• [HOW TO COMPLETE THIS TASK]: Each line that contains the word "linetype" is to be copied from the records below.

##### PROVIDED DATA

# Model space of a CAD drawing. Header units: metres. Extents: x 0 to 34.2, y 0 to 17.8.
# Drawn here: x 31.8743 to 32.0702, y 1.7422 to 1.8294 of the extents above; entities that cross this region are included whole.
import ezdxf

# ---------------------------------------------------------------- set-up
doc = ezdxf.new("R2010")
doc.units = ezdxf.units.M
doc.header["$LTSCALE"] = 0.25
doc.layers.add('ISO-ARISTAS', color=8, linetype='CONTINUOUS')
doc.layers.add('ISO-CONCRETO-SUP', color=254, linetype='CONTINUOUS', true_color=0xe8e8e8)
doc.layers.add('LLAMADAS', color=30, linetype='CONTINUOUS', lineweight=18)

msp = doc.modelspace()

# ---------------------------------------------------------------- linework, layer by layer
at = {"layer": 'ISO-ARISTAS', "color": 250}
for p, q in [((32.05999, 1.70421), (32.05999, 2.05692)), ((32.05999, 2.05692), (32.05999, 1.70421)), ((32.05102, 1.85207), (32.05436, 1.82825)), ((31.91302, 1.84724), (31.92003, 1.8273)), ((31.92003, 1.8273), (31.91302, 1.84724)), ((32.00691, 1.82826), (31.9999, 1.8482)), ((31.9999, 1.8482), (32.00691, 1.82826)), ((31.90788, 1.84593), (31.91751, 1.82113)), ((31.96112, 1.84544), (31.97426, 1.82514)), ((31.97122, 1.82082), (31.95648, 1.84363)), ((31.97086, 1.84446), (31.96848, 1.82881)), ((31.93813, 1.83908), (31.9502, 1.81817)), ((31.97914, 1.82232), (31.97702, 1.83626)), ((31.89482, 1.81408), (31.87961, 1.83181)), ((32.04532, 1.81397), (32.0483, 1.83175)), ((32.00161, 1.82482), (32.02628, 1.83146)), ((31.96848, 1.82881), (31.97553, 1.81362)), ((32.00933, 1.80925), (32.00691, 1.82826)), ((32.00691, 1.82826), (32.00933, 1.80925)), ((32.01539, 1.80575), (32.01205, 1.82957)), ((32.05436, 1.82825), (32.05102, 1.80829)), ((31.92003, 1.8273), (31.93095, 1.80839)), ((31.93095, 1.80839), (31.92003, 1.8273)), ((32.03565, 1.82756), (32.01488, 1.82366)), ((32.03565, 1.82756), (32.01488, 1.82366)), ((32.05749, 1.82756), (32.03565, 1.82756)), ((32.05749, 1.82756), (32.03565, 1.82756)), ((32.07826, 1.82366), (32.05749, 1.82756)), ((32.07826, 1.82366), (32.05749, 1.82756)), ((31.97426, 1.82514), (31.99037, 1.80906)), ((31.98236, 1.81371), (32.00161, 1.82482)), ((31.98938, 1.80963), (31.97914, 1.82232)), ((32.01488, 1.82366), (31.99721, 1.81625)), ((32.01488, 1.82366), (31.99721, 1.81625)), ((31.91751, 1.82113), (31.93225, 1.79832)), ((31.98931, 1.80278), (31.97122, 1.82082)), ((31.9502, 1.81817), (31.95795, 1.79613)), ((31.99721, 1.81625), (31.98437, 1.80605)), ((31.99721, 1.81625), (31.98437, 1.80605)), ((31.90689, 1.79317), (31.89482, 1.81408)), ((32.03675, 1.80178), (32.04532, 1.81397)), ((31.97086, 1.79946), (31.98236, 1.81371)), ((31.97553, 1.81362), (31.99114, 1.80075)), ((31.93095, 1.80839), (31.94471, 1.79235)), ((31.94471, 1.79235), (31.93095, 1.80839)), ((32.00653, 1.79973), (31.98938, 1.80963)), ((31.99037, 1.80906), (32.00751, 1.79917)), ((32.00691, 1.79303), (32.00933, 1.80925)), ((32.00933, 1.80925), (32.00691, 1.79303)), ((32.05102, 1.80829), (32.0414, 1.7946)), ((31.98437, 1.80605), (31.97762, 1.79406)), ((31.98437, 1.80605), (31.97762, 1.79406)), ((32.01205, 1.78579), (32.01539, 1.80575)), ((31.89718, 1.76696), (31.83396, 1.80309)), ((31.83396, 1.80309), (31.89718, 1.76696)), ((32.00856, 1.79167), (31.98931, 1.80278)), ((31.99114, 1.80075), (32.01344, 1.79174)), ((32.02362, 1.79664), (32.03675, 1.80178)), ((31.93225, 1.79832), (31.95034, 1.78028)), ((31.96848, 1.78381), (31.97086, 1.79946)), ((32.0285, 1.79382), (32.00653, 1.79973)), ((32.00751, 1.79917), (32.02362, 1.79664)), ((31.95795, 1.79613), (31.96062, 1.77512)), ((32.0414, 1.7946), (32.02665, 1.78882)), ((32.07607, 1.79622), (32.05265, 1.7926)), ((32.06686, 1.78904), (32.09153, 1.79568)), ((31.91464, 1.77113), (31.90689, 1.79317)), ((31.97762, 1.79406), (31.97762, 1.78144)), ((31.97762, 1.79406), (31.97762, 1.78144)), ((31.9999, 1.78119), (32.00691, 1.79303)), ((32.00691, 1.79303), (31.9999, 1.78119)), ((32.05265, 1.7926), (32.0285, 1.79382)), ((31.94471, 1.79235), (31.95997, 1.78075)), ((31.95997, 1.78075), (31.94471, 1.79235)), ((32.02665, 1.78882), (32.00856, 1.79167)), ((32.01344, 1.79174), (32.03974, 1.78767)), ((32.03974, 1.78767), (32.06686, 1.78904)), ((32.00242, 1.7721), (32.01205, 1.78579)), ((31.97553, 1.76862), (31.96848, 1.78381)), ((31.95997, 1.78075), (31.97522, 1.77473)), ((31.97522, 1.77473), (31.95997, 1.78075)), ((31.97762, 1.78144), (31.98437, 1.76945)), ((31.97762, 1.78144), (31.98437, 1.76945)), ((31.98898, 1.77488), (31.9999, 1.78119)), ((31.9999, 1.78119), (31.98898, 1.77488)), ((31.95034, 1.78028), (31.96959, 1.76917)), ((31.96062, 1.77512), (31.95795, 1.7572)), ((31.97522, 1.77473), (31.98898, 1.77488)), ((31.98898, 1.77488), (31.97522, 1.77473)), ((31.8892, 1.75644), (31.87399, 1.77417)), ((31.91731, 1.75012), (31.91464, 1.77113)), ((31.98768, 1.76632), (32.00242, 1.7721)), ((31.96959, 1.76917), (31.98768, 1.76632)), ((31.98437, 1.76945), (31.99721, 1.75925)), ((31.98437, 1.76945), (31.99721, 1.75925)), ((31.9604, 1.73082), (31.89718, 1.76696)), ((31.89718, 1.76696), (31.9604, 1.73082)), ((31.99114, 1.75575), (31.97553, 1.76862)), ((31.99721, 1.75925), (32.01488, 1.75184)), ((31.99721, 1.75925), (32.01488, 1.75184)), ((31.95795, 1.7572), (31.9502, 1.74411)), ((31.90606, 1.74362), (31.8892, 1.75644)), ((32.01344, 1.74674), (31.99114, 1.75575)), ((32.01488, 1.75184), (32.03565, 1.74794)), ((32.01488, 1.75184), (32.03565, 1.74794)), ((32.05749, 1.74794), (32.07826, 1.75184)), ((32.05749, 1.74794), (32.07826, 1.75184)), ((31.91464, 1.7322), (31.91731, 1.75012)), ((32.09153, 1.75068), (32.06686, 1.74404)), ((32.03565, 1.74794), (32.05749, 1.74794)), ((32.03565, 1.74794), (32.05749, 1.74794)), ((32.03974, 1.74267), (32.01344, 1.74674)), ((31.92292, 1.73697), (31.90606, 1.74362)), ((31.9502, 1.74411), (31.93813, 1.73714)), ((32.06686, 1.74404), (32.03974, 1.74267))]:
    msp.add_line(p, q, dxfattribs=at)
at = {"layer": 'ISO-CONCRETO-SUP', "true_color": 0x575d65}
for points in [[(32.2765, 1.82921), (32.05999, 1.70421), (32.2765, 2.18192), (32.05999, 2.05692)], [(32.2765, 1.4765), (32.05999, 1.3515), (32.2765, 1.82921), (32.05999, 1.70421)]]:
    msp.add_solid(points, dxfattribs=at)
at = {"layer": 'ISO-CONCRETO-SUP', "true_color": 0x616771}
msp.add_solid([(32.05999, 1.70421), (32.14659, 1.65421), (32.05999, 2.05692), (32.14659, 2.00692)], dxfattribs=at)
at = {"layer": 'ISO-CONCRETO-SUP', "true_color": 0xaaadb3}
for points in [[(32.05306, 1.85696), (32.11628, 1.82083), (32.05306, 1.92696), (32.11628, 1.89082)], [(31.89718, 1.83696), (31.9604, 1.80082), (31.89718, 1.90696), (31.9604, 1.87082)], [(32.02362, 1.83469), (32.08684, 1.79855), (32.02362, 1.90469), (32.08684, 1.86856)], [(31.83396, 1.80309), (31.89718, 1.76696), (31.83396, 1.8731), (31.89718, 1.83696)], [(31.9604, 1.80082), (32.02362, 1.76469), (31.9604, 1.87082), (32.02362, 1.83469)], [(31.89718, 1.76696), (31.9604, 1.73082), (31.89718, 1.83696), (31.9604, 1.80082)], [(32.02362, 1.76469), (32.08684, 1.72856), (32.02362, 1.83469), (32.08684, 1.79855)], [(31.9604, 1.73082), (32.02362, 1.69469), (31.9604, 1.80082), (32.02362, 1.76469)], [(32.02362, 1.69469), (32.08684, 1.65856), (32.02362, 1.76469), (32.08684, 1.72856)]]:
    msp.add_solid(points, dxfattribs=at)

##########

• [ANSWER FOR THIS EXERCISE]:
doc.layers.add('ISO-ARISTAS', color=8, linetype='CONTINUOUS')
doc.layers.add('ISO-CONCRETO-SUP', color=254, linetype='CONTINUOUS', true_color=0xe8e8e8)
doc.layers.add('LLAMADAS', color=30, linetype='CONTINUOUS', lineweight=18)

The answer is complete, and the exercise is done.